Firewall alerts

These are Firewall alerts.

There are the following types of firewall alerts.

Security

Alert type

Description

Severity

What has Sophos done so far?

Advanced Threat detected

An attempt to communicate with a botnet or command and control server has been detected.

Medium

We've logged details about the event, and notified administrators.

Missing Heartbeat

An endpoint that previously had a security heartbeat is still communicating on the network, but its security heartbeat has been lost.

High

We've detected the activity, and notified administrators.
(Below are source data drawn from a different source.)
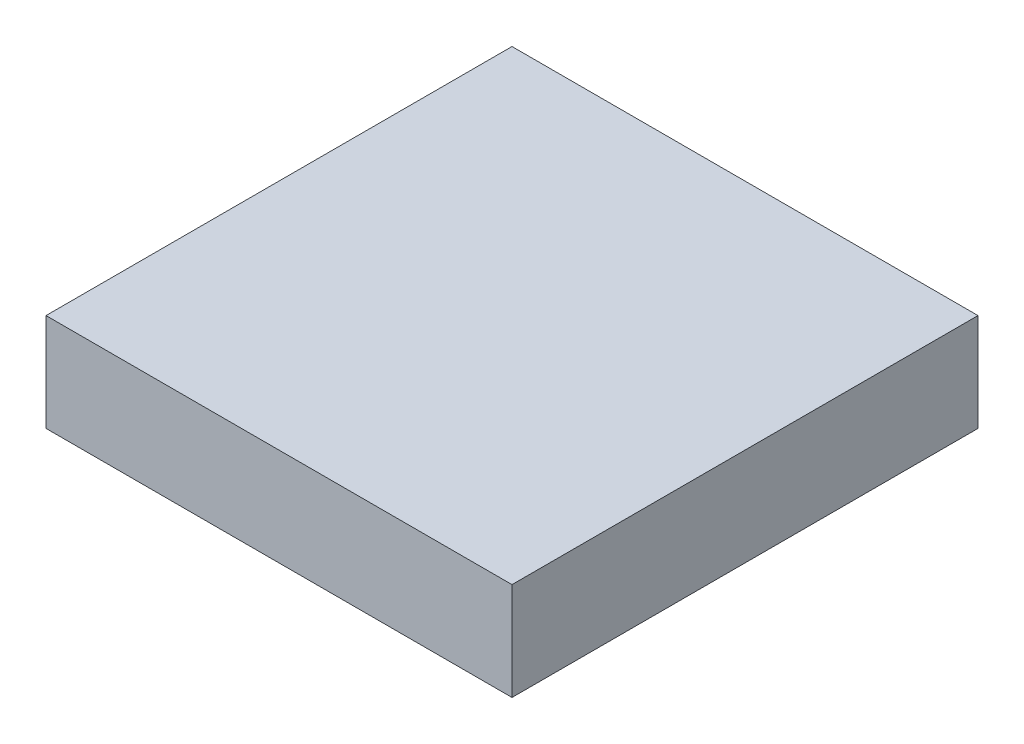
ISO-10303-21;
HEADER;
FILE_DESCRIPTION(('STEP AP214'),'2;1');
FILE_NAME('part.step','',(''),(''),'','','');
FILE_SCHEMA(('AUTOMOTIVE_DESIGN { 1 0 10303 214 1 1 1 1 }'));
ENDSEC;
DATA;
#1=APPLICATION_CONTEXT('core data for automotive mechanical design processes');
#2=APPLICATION_PROTOCOL_DEFINITION('international standard','automotive_design',2000,#1);
#3=PRODUCT_CONTEXT('',#1,'mechanical');
#4=PRODUCT('Part','Part','',(#3));
#5=PRODUCT_RELATED_PRODUCT_CATEGORY('part','',(#4));
#6=PRODUCT_DEFINITION_FORMATION('','',#4);
#7=PRODUCT_DEFINITION_CONTEXT('part definition',#1,'design');
#8=PRODUCT_DEFINITION('design','',#6,#7);
#9=PRODUCT_DEFINITION_SHAPE('','',#8);
#10=(LENGTH_UNIT() NAMED_UNIT(*) SI_UNIT(.MILLI.,.METRE.));
#11=(NAMED_UNIT(*) PLANE_ANGLE_UNIT() SI_UNIT($,.RADIAN.));
#12=(NAMED_UNIT(*) SI_UNIT($,.STERADIAN.) SOLID_ANGLE_UNIT());
#13=UNCERTAINTY_MEASURE_WITH_UNIT(LENGTH_MEASURE(1.E-05),#10,'distance_accuracy_value','');
#14=(GEOMETRIC_REPRESENTATION_CONTEXT(3) GLOBAL_UNCERTAINTY_ASSIGNED_CONTEXT((#13)) GLOBAL_UNIT_ASSIGNED_CONTEXT((#10,
#11,#12)) REPRESENTATION_CONTEXT('',''));
#15=CARTESIAN_POINT('',(0.,0.,0.));
#16=DIRECTION('',(0.,0.,1.));
#17=DIRECTION('',(1.,0.,0.));
#18=AXIS2_PLACEMENT_3D('',#15,#16,#17);
#19=CARTESIAN_POINT('',(0.,0.511,-2.436));
#20=DIRECTION('',(1.,0.,0.));
#21=DIRECTION('',(0.,0.,-1.));
#22=AXIS2_PLACEMENT_3D('',#19,#20,#21);
#23=PLANE('',#22);
#24=DIRECTION('',(0.,0.,1.));
#25=VECTOR('',#24,1.);
#26=CARTESIAN_POINT('',(0.,0.,-2.436));
#27=LINE('',#26,#25);
#28=CARTESIAN_POINT('',(0.,0.,-2.436));
#29=VERTEX_POINT('',#28);
#30=CARTESIAN_POINT('',(0.,0.,0.));
#31=VERTEX_POINT('',#30);
#32=EDGE_CURVE('E96',#29,#31,#27,.T.);
#33=ORIENTED_EDGE('',*,*,#32,.T.);
#34=DIRECTION('',(0.,-1.,0.));
#35=VECTOR('',#34,1.);
#36=CARTESIAN_POINT('',(0.,0.511,0.));
#37=LINE('',#36,#35);
#38=CARTESIAN_POINT('',(0.,0.511,0.));
#39=VERTEX_POINT('',#38);
#40=EDGE_CURVE('E11',#39,#31,#37,.T.);
#41=ORIENTED_EDGE('',*,*,#40,.F.);
#42=DIRECTION('',(0.,0.,1.));
#43=VECTOR('',#42,1.);
#44=CARTESIAN_POINT('',(0.,0.511,-2.436));
#45=LINE('',#44,#43);
#46=CARTESIAN_POINT('',(0.,0.511,-2.436));
#47=VERTEX_POINT('',#46);
#48=EDGE_CURVE('E84',#47,#39,#45,.T.);
#49=ORIENTED_EDGE('',*,*,#48,.F.);
#50=DIRECTION('',(0.,-1.,0.));
#51=VECTOR('',#50,1.);
#52=CARTESIAN_POINT('',(0.,0.511,-2.436));
#53=LINE('',#52,#51);
#54=EDGE_CURVE('E92',#47,#29,#53,.T.);
#55=ORIENTED_EDGE('',*,*,#54,.T.);
#56=EDGE_LOOP('',(#33,#41,#49,#55));
#57=FACE_BOUND('',#56,.T.);
#58=ADVANCED_FACE('F33',(#57),#23,.F.);
#59=CARTESIAN_POINT('',(0.,0.511,0.));
#60=DIRECTION('',(0.,0.,-1.));
#61=DIRECTION('',(-1.,0.,0.));
#62=AXIS2_PLACEMENT_3D('',#59,#60,#61);
#63=PLANE('',#62);
#64=DIRECTION('',(1.,0.,0.));
#65=VECTOR('',#64,1.);
#66=CARTESIAN_POINT('',(0.,0.,0.));
#67=LINE('',#66,#65);
#68=CARTESIAN_POINT('',(2.436,0.,0.));
#69=VERTEX_POINT('',#68);
#70=EDGE_CURVE('E88',#31,#69,#67,.T.);
#71=ORIENTED_EDGE('',*,*,#70,.T.);
#72=DIRECTION('',(0.,-1.,0.));
#73=VECTOR('',#72,1.);
#74=CARTESIAN_POINT('',(2.436,0.511,0.));
#75=LINE('',#74,#73);
#76=CARTESIAN_POINT('',(2.436,0.511,0.));
#77=VERTEX_POINT('',#76);
#78=EDGE_CURVE('E41',#77,#69,#75,.T.);
#79=ORIENTED_EDGE('',*,*,#78,.F.);
#80=DIRECTION('',(1.,0.,0.));
#81=VECTOR('',#80,1.);
#82=CARTESIAN_POINT('',(0.,0.511,0.));
#83=LINE('',#82,#81);
#84=EDGE_CURVE('E79',#39,#77,#83,.T.);
#85=ORIENTED_EDGE('',*,*,#84,.F.);
#86=ORIENTED_EDGE('',*,*,#40,.T.);
#87=EDGE_LOOP('',(#71,#79,#85,#86));
#88=FACE_BOUND('',#87,.T.);
#89=ADVANCED_FACE('F87',(#88),#63,.F.);
#90=CARTESIAN_POINT('',(2.436,0.511,0.));
#91=DIRECTION('',(-1.,0.,0.));
#92=DIRECTION('',(0.,0.,1.));
#93=AXIS2_PLACEMENT_3D('',#90,#91,#92);
#94=PLANE('',#93);
#95=DIRECTION('',(0.,0.,-1.));
#96=VECTOR('',#95,1.);
#97=CARTESIAN_POINT('',(2.436,0.,0.));
#98=LINE('',#97,#96);
#99=CARTESIAN_POINT('',(2.436,0.,-2.436));
#100=VERTEX_POINT('',#99);
#101=EDGE_CURVE('E66',#69,#100,#98,.T.);
#102=ORIENTED_EDGE('',*,*,#101,.T.);
#103=DIRECTION('',(0.,-1.,0.));
#104=VECTOR('',#103,1.);
#105=CARTESIAN_POINT('',(2.436,0.511,-2.436));
#106=LINE('',#105,#104);
#107=CARTESIAN_POINT('',(2.436,0.511,-2.436));
#108=VERTEX_POINT('',#107);
#109=EDGE_CURVE('E89',#108,#100,#106,.T.);
#110=ORIENTED_EDGE('',*,*,#109,.F.);
#111=DIRECTION('',(0.,0.,-1.));
#112=VECTOR('',#111,1.);
#113=CARTESIAN_POINT('',(2.436,0.511,0.));
#114=LINE('',#113,#112);
#115=EDGE_CURVE('E82',#77,#108,#114,.T.);
#116=ORIENTED_EDGE('',*,*,#115,.F.);
#117=ORIENTED_EDGE('',*,*,#78,.T.);
#118=EDGE_LOOP('',(#102,#110,#116,#117));
#119=FACE_BOUND('',#118,.T.);
#120=ADVANCED_FACE('F90',(#119),#94,.F.);
#121=CARTESIAN_POINT('',(2.436,0.511,-2.436));
#122=DIRECTION('',(0.,0.,1.));
#123=DIRECTION('',(1.,0.,0.));
#124=AXIS2_PLACEMENT_3D('',#121,#122,#123);
#125=PLANE('',#124);
#126=DIRECTION('',(-1.,0.,0.));
#127=VECTOR('',#126,1.);
#128=CARTESIAN_POINT('',(2.436,0.,-2.436));
#129=LINE('',#128,#127);
#130=EDGE_CURVE('E72',#100,#29,#129,.T.);
#131=ORIENTED_EDGE('',*,*,#130,.T.);
#132=ORIENTED_EDGE('',*,*,#54,.F.);
#133=DIRECTION('',(-1.,0.,0.));
#134=VECTOR('',#133,1.);
#135=CARTESIAN_POINT('',(2.436,0.511,-2.436));
#136=LINE('',#135,#134);
#137=EDGE_CURVE('E49',#108,#47,#136,.T.);
#138=ORIENTED_EDGE('',*,*,#137,.F.);
#139=ORIENTED_EDGE('',*,*,#109,.T.);
#140=EDGE_LOOP('',(#131,#132,#138,#139));
#141=FACE_BOUND('',#140,.T.);
#142=ADVANCED_FACE('F103',(#141),#125,.F.);
#143=CARTESIAN_POINT('',(0.,0.511,0.));
#144=DIRECTION('',(0.,1.,0.));
#145=DIRECTION('',(0.,0.,1.));
#146=AXIS2_PLACEMENT_3D('',#143,#144,#145);
#147=PLANE('',#146);
#148=ORIENTED_EDGE('',*,*,#48,.T.);
#149=ORIENTED_EDGE('',*,*,#84,.T.);
#150=ORIENTED_EDGE('',*,*,#115,.T.);
#151=ORIENTED_EDGE('',*,*,#137,.T.);
#152=EDGE_LOOP('',(#148,#149,#150,#151));
#153=FACE_BOUND('',#152,.T.);
#154=ADVANCED_FACE('F80',(#153),#147,.T.);
#155=CARTESIAN_POINT('',(0.,0.,0.));
#156=DIRECTION('',(0.,1.,0.));
#157=DIRECTION('',(0.,0.,1.));
#158=AXIS2_PLACEMENT_3D('',#155,#156,#157);
#159=PLANE('',#158);
#160=ORIENTED_EDGE('',*,*,#32,.F.);
#161=ORIENTED_EDGE('',*,*,#130,.F.);
#162=ORIENTED_EDGE('',*,*,#101,.F.);
#163=ORIENTED_EDGE('',*,*,#70,.F.);
#164=EDGE_LOOP('',(#160,#161,#162,#163));
#165=FACE_BOUND('',#164,.T.);
#166=ADVANCED_FACE('F106',(#165),#159,.F.);
#167=CLOSED_SHELL('',(#58,#89,#120,#142,#154,#166));
#168=MANIFOLD_SOLID_BREP('B2',#167);
#169=ADVANCED_BREP_SHAPE_REPRESENTATION('',(#18,#168),#14);
#170=SHAPE_DEFINITION_REPRESENTATION(#9,#169);
ENDSEC;
END-ISO-10303-21;

Any firewall rules set to block RED heartbeat activity may have also blocked connections from the endpoint.

System health

Alert type

Description

Severity

What Sophos has done so far

High CPU usage on firewall.

The firewall's CPU usage has been at or above 100% for more than 30 minutes.

Medium

Nothing.

Your users may be experiencing issues.

High memory usage on firewall.

The firewall's memory usage has been at 100% for more than 30 minutes.

Medium

Nothing.

Your users may be experiencing issues.

High disk usage on firewall.

The firewall's disk usage has been at 100% for more than 30 minutes.

Medium

Nothing.

Your users may be experiencing issues.

Connectivity

Alert type

Description

Severity

What Sophos has done so far

Firewall gateway down

Gateway <Gateway name> is down.

High

Nothing.

Firewall gateway up

Gateway <Gateway name> is up.

Info

Nothing.

Firewall lost connection to Sophos Central.

Firewall hasn't checked in with Sophos Central for the past <x>minutes.

High

Nothing.

Firewall re-connected to Sophos Central.

Firewall connection to Sophos Central has been restored.

Info

Nothing.

Firewall VPN tunnel down.

IPsec connection between <Site1> with<IP from> and <Site2> with <IP to> has closed.

Medium

Nothing.

Firewall VPN tunnel connection restored.

IPsec connection between <Site1> with <IP from> and <Site2> with <IP to> has reconnected.

Info

Nothing.

Firewall HA degraded.

One of the HA nodes is down or degraded. Your HA pair is unavailable.

Medium

Nothing.

Firewall HA state restored.

Both HA nodes are now connected and in good health.

Info

Nothing.

Firewall RED tunnel down.

<red tunnel name> is disconnected.

Medium

Nothing.

Firewall RED tunnel connection restored

<red tunnel name> is connected again after 89000 ms.

Info

Nothing.

General

Alert type

Description

Severity

What Sophos has done so far

New firewall registered with Sophos Central.

You've successfully registered a new firewall with Sophos Central.

Info

We've added the firewall to the Firewall Management list.

You can now turn on Synchronized Security.

Firewall awaiting management approval.

You've turned on Sophos Central management for this firewall. This is awaiting approval.

Medium

Nothing.

You need to approve management.

New firewall wait time expired.

A firewall was awaiting management approval for more than 30 days, and the wait time has expired.

Medium

We've canceled the management request.

New firewall zero-touch process canceled by local admin.

You've stopped the zero-touch process on this firewall.

Medium

The zero-touch process has stopped.

We've removed the firewall from the Firewall Management list.

Firewall management turned off for firewall.

You've turned off Firewall management for this firewall.

Medium

We've kept the firewall in the Firewall Management list.

You can't manage it. It won't report events or send backups to Sophos Central.

Firewall de-registered from Sophos Central

You've de-registered the firewall.

Medium

We've removed the firewall from the Firewall Management list in Sophos Central.

We've turned off any configured Synchronized Security features on the firewall.